Azure AI Document Intelligence¶
Note
- By using Azure AI Document Intelligence as a content parser, you agree to the Cognigy.AI Additional Data Privacy Terms.
- Azure AI Document Intelligence stores data and results in Azure Storage for 24 hours after submitting an analyze request. To learn more about data, privacy, and security for Document Intelligence, read the Azure AI Document Intelligence documentation.
Azure AI Document Intelligence is an external content parser that you can use in Knowledge AI for text extraction. Azure AI Document Intelligence splits texts semantically into Knowledge Chunks, resulting in more accurate answers compared to the Basic Parser.
When you upload a file as a Knowledge Source, Knowledge AI sends a request to Azure AI Document Intelligence to extract text from the file. After the text extraction, Knowledge AI retrieves the text, converts it into Markdown format, and splits it into Knowledge Chunk.
Key Features¶
- Improved quality of responses. Breaking down the text into Knowledge Chunks allows AI Agents to understand the context and provide more accurate responses.
- Recognition of a wide range of text elements.

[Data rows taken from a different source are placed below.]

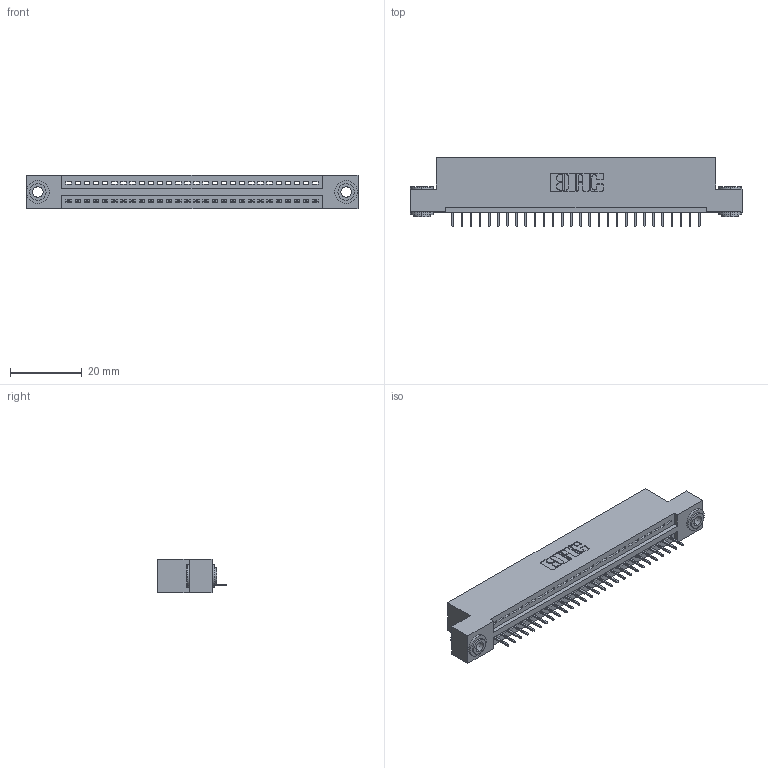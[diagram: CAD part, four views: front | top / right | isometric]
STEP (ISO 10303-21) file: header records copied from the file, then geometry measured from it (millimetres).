
FILE_DESCRIPTION (( 'STEP AP203' ), '1' );
FILE_NAME ('395-028-524-103.STEP', '2018-11-10T09:44:48', ( '' ), ( '' ), 'SwSTEP 2.0', 'SolidWorks 2016', '' );
FILE_SCHEMA (( 'CONFIG_CONTROL_DESIGN' ));
Length unit declared in the file: inch
Products named in the file (4): 345-250-002_345-250-002-102; 345-292-001_345-293-124; 395-028-524-103; 345 Part_Flush Mounting Lugs - 0.156 Dia-TH
Assembly tree (31 placements, depth 2):
  395-028-524-103
    345 Part_Flush Mounting Lugs - 0.156 Dia-TH
    345-292-001_345-293-124  x28
    345-250-002_345-250-002-102  x2
Bounding box: 92.33 x 19.35 x 9.4 mm (x, y, z)
Volume: 8563.6 mm3; surface area: 11050.8 mm2
Topology: 31 solids, 31 shells, 1900 faces, 5457 edges, 3522 vertices
Faces by surface type: plane 1378, cylinder 514, cone 8
Entity records: 23682 total; most frequent: CARTESIAN_POINT 4079, ORIENTED_EDGE 4034, DIRECTION 3615, EDGE_CURVE 2017, LINE 1753, VECTOR 1753, VERTEX_POINT 1338, AXIS2_PLACEMENT_3D 931

Azure AI Document Intelligence recognizes plain text and more complex text elements, such as tables, titles, and footers as well as images, by using Optical character recognition (OCR).
- Effective use of Markdown. Azure AI Document Intelligence converts the text into Markdown format. AI Agents can process Markdown and recognize text elements, for example, tables and images, and distinguish them from plain text. This approach gives AI Agents more context and helps them better understand how information is organized in the text.
- Improved ability to reference the source. Adding page numbers of the source file to Knowledge Sources as Chunk metadata helps track an information source in large documents.
Prerequisite¶
-
You have access to an Azure AI Document Intelligence account, and the account must be hosted in one of the following regions:
- East US
- West US2
- West Europe
Supported Formats¶
Cognigy.AI versions | Formats |
---|---|
4.80 or later | PDF, DOCX, PPTX, TXT, JPEG, JPG, PNG, BMP, HEIF, and TIFF files |
Chunk Metadata¶
Warning
Supported formats: PDF, PPTX, and TIFF files.
Azure AI Document Intelligence recognizes page numbers and adds them to the Knowledge Chunks as Chunk metadata. In the Chunk editor, you can see the page numbers as Chunk metadata. If the page numbers appear in the Chunk editor, it indicates that the text extraction was successful. If they don't, it suggests an error, for example, a failure to access Azure AI Document Intelligence.
In the following example, the Chunk metadata indicates that the Knowledge Chunk text starts on page 1 of the source file and ends on page 2.
{
"firstPage": "1",
"lastPage": "2"
}
Set Up Azure AI Document Intelligence¶
By default, Knowledge AI uses the Advanced Parser for text extraction. Set up the Azure AI Document Intelligence in Manage > Settings > Knowledge AI Settings:
Set Up the Azure AI Document Intelligence
- In the Document Processing section, select Azure AI Document Intelligence from the Content Parser list.
- Click + next to the Connection to Azure AI Document Intelligence field.
- Fill in the following fields:
- Connection name — enter a unique name for your connection.
- API Key — enter an API key for the Azure AI Document Intelligence service. To copy the key, go to the Azure portal. On the left-side menu, select Resource Management > Key and Endpoint. Copy the key from the Key field. For more information, read the Azure AI Document Intelligence documentation.
- Endpoint URL — add an Endpoint URL from your Document Intelligence resource. To copy the URL, go to the Azure portal. On the left-side menu, select Resource Management > Key and Endpoint. Copy the endpoint URL from the Endpoint field. For more information, read the Azure AI Document Intelligence documentation.
- In the Document Processing section, select Azure AI Document Intelligence from the Content Parser list.
- Select a connection from the Connection to Azure AI Document Intelligence field.